Similarly charged are Czech aid worker Petr Jasek and Abdulmonem Abdumawla of Darfur. Abdumawla, who initially said he was Muslim but later admitted he was Christian, was arrested in December 2015 after he began collecting money to help a friend, Ali Omer, who had needed treatment for burns suffered in a student demonstration. Abdumawla contacted Abdelrahim Tawor, who donated money for Omer’s treatment, which apparently raised the ire of Sudanese authorities, according to Christian Solidarity Worldwide (CSW).
Omer had been injured during a demonstration at Quran Karim University in Omdurman last year that left him with severe burns that required regular medical care, according to CSW. A senior member of the student wing of the ruling National Congress Party (NCP) died when 150 NCP students attacked Darfuri students at a meeting at Sharg El Nil College in Khartoum in April 2015, CSW reported.
Since then, Darfuri students have been increasingly targeted by the NISS, which has violently suppressed peaceful student demonstrations against government repression, CSW reported. NISS is said to be staffed by hard-line Islamists with broad powers to arrest people the government deems undesirable.
Pastor Abdelrahim Tawor, along with other pastors, was arrested after attending a missions conference in Addis Abba, Ethiopia in October 2015. Upset by the conference, NISS official interrogated Abdelrahim Tawor about accusations that those in attendance spoke of Sudan’s government persecuting Christians, a claim church leaders deny.
Prosecutors have charged Czech aid worker Jasek, also arrested in December 2015, with “tarnishing Sudan’s image” by documenting persecution. He is also charged with waging war against the state, reportedly based on an accusation that he gave money to “some individuals” in South Kordofan in 2012, allegedly including some rebel fighters.
At one hearing, NISS official Abbas el Tahir accused the defendants of conducting “hostile activities against the state that threaten the national and social security” in Sudan, according to Netherlands-based Radio Dabanga.
“Since 2012, we banned organizations or individuals working against Sudan,” El Tahir reportedly said. “However, these NGOs still work and plan to threaten the national security and harm the society’s interest.”
He accused aid organizations of publishing false reports against Sudan.
Defense attorney Muhanad Nur told Morning Star News that the charges against the Christians are baseless.
“Statements of the prosecutor indicate that there were no bases for all the charges brought against them,” he said.
Sources said police are not only prohibiting family members from visiting the jailed Christians but harassing them when they try to do so.
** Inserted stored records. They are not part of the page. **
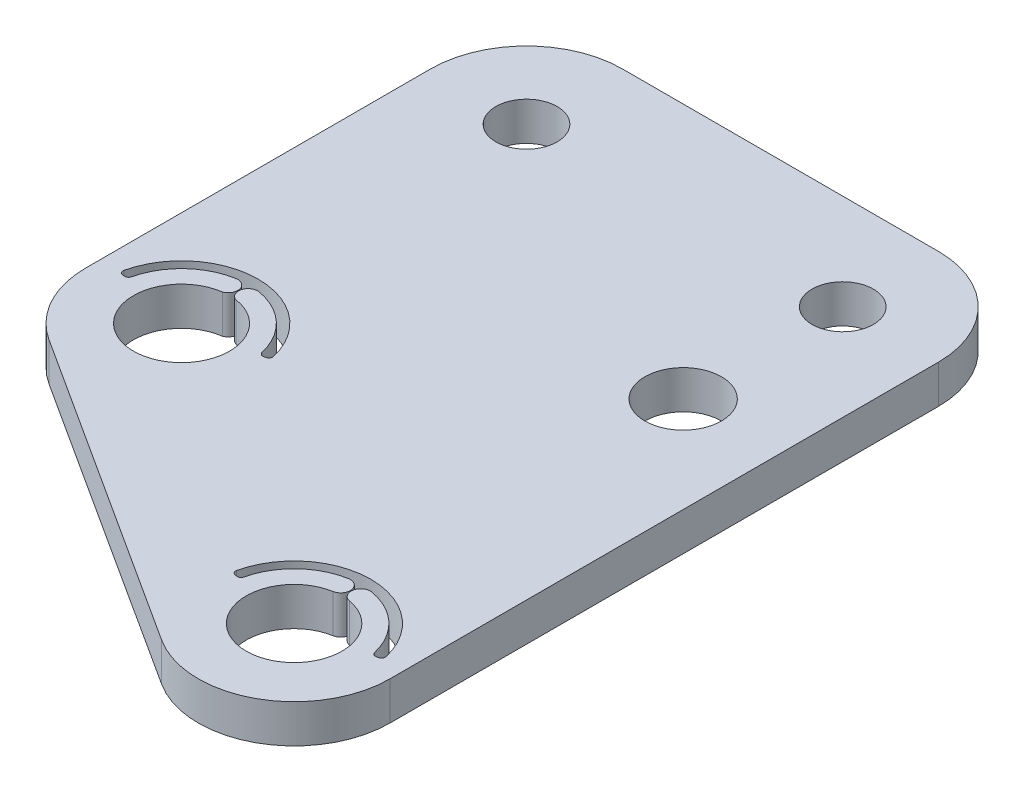
from build123d import *

# Parameters (mm, degrees)
SKETCH1_R           = 2.51
SKETCH1_R_2         = 2.5
SKETCH1_R_3         = 1.6
SKETCH1_R_4         = 2
BOSS_EXTRUDE1_DEPTH = 2
FILLET1_R           = 5
CUT_EXTRUDE2_DEPTH  = 3
SKETCH3_W           = 0.508814103
SKETCH3_H           = 0.135683761
CUT_EXTRUDE3_DEPTH  = 0.4


with BuildPart() as part:
    # Sketch1 → Boss-Extrude1 (new body)
    with BuildSketch(Plane(origin=(0, 0, 0), x_dir=(1, 0, 0), z_dir=(0, 1, 0))):
        Polygon((0, 0), (26.5, 0), (26.5, -42.791666667), (0, -25.727272727), align=None)
        with Locations((5, -23)):
            Circle(SKETCH1_R, mode=Mode.SUBTRACT)
        with Locations((21.5, -33.625)):
            Circle(SKETCH1_R_2, mode=Mode.SUBTRACT)
        with Locations((21.5, -5)):
            Circle(SKETCH1_R_3, mode=Mode.SUBTRACT)
        with Locations((5, -5)):
            Circle(SKETCH1_R_3, mode=Mode.SUBTRACT)
        with Locations((21.5, -13.325)):
            Circle(SKETCH1_R_4, mode=Mode.SUBTRACT)
    extrude(amount=BOSS_EXTRUDE1_DEPTH)

    # Fillet1
    fillet1_edges = [part.edges().sort_by_distance(p)[0] for p in [
        (0, 1, 0),
        (26.5, 1, 0),
        (26.5, 1, 42.791666667),
        (0, 1, 25.727272727),
    ]]
    fillet(fillet1_edges, radius=FILLET1_R)

    # Sketch2 → Cut-Extrude2 (cut, through all)
    with BuildSketch(Plane(origin=(0, 2, 0), x_dir=(1, 0, 0), z_dir=(0, 1, 0))):
        with BuildLine():
            Line((17.861538493, -32.983441068), (17.762917332, -32.966051496))
            ThreePointArc((17.762917332, -32.966051496), (17.630853466, -32.879452656), (17.602786281, -32.724042048))
            ThreePointArc((17.602786281, -32.724042048), (21.5, -29.625), (25.397213719, -32.724042048))
            ThreePointArc((25.397213719, -32.724042048), (25.369146534, -32.879452656), (25.237082668, -32.966051496))
            Line((25.237082668, -32.966051496), (25.138461507, -32.983441068))
            ThreePointArc((25.138461507, -32.983441068), (24.993487988, -32.953351583), (24.908935554, -32.831804949))
            ThreePointArc((24.908935554, -32.831804949), (23.907056069, -31.084118051), (22.107768622, -30.178172864))
            ThreePointArc((22.107768622, -30.178172864), (21.528540656, -30.583752652), (21.934120444, -31.162980617))
            ThreePointArc((21.934120444, -31.162980617), (21.5, -31.125), (21.065879556, -31.162980617))
            ThreePointArc((21.065879556, -31.162980617), (21.471459344, -30.583752652), (20.892231378, -30.178172864))
            ThreePointArc((20.892231378, -30.178172864), (19.092943931, -31.084118051), (18.091064446, -32.831804949))
            ThreePointArc((18.091064446, -32.831804949), (18.006512012, -32.953351583), (17.861538493, -32.983441068))
        make_face()
        with BuildLine():
            Line((1.361538493, -22.358441068), (1.262917332, -22.341051496))
            ThreePointArc((1.262917332, -22.341051496), (1.130853466, -22.254452656), (1.102786281, -22.099042048))
            ThreePointArc((1.102786281, -22.099042048), (5, -19), (8.897213719, -22.099042048))
            ThreePointArc((8.897213719, -22.099042048), (8.869146534, -22.254452656), (8.737082668, -22.341051496))
            Line((8.737082668, -22.341051496), (8.638461507, -22.358441068))
            ThreePointArc((8.638461507, -22.358441068), (8.493487988, -22.328351583), (8.408935554, -22.206804949))
            ThreePointArc((8.408935554, -22.206804949), (7.407056069, -20.459118051), (5.607768622, -19.553172864))
            ThreePointArc((5.607768622, -19.553172864), (5.028540656, -19.958752652), (5.434120444, -20.537980617))
            ThreePointArc((5.434120444, -20.537980617), (5, -20.5), (4.565879556, -20.537980617))
            ThreePointArc((4.565879556, -20.537980617), (4.971459344, -19.958752652), (4.392231378, -19.553172864))
            ThreePointArc((4.392231378, -19.553172864), (2.592943931, -20.459118051), (1.591064446, -22.206804949))
            ThreePointArc((1.591064446, -22.206804949), (1.506512012, -22.328351583), (1.361538493, -22.358441068))
        make_face()
    extrude(amount=-CUT_EXTRUDE2_DEPTH, mode=Mode.SUBTRACT)

    # Sketch3 → Cut-Extrude3 (cut)
    with BuildSketch(Plane(origin=(0, 0, 0), x_dir=(-1, 0, 0), z_dir=(0, 0, -1))):
        Polygon((-16.413127671, 0.4), (-16.238487831, 1.722916667), (-16.22152736, 1.722916667), (-15.675347222, 0.637446581), (-15.130492121, 1.722916667), (-15.113266643, 1.722916667), (-14.937566774, 0.4), (-15.056820079, 0.4), (-15.18349359, 1.351906384), (-15.661036826, 0.4), (-15.687802567, 0.4), (-16.167200855, 1.354026442), (-16.293609358, 0.4), align=None)
        with BuildLine():
            Line((-14.666199252, 1.722916667), (-14.401456914, 1.722916667))
            add(Edge.make_bspline(
                [(-14.401456914, 1.722916667), (-14.383789881, 1.722857859), (-14.349867219, 1.722744941), (-14.301269584, 1.722115323), (-14.257111723, 1.72031073), (-14.217416724, 1.718757783), (-14.182185316, 1.715926008), (-14.151309465, 1.713219454), (-14.124931377, 1.709676433), (-14.108963451, 1.70638599), (-14.101733607, 1.704896167)],
                knots=[0, 0, 0, 0, 5.3002e-05, 0.00010177, 0.00014579, 0.000185584, 0.00022093, 0.000251808, 0.000278568, 0.000300708, 0.000300708, 0.000300708, 0.000300708], degree=3))
            add(Edge.make_bspline(
                [(-14.101733607, 1.704896167), (-14.092054913, 1.702504801), (-14.072903997, 1.697773082), (-14.045330609, 1.687771982), (-14.01905585, 1.676198493), (-13.994188863, 1.662605063), (-13.970854203, 1.646890786), (-13.948811271, 1.629326943), (-13.927960039, 1.610009636), (-13.909143768, 1.588451824), (-13.891401924, 1.565835048), (-13.876438366, 1.541378568), (-13.863539369, 1.515804122), (-13.85326956, 1.488851616), (-13.845000207, 1.460782434), (-13.839169456, 1.431342323), (-13.835672727, 1.400665407), (-13.835316729, 1.379741436), (-13.835136218, 1.369131861)],
                knots=[0, 0, 0, 0, 2.9891e-05, 5.9144e-05, 8.7854e-05, 0.000115962, 0.000144039, 0.000172141, 0.000200452, 0.000229172, 0.000257901, 0.000286582, 0.000315025, 0.000343717, 0.000372985, 0.000402713, 0.000433646, 0.000465465, 0.000465465, 0.000465465, 0.000465465], degree=3))
            add(Edge.make_bspline(
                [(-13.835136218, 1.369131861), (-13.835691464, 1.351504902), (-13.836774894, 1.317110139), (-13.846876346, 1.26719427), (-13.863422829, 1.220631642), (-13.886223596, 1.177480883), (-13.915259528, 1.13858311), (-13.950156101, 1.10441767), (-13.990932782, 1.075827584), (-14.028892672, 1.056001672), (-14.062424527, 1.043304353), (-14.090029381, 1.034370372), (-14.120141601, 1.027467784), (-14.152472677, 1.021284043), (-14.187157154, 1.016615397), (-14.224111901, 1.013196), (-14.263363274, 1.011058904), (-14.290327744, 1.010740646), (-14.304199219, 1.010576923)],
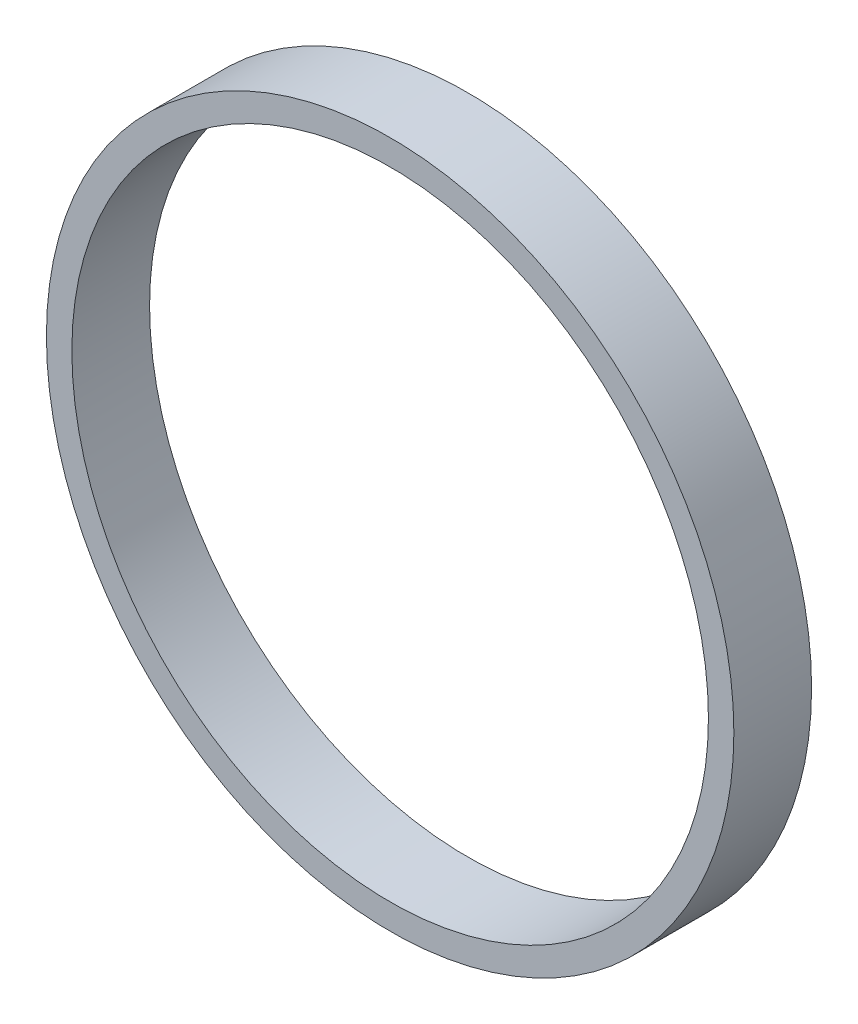
from build123d import *

# Parameters (mm, degrees)
SKETCH1_R           = 24.325
SKETCH1_R_2         = 22.525
BOSS_EXTRUDE1_DEPTH = 5.5


with BuildPart() as part:
    # Sketch1 → Boss-Extrude1 (new body)
    with BuildSketch(Plane.XY):
        Circle(SKETCH1_R)
        Circle(SKETCH1_R_2, mode=Mode.SUBTRACT)
    extrude(amount=BOSS_EXTRUDE1_DEPTH)


solid = part.part

Foreign diplomats and international rights activists have taken notice of the case since Morning Star News broke the story of the arrest of two pastors in December 2015. Their arrest is seen as part of a recent upsurge in harassment of Christians.
Most SCOC members have roots among the ethnic Nuba in the Nuba Mountains of Sudan’s South Kordofan state, where the government is fighting an insurgency. The Nuba along with other Christians in Sudan face discrimination, as President Omar al-Bashir has vowed to introduce a stricter version of sharia (Islamic law) and recognize only Islamic culture and Arabic language.
The International Criminal Court has issued an arrest warrant for Al-Bashir in connection with war crimes in Darfur. Due to its treatment of Christians and other human rights violations, Sudan has been designated a Country of Particular Concern by the U.S. State Department since 1999, and the U.S. Commission on International Religious Freedom recommended the country remain on the list in its 2016 report.
Sudan ranked eighth on Christian support organization Open Doors’ 2016 World Watch List of countries where Christians face most persecution.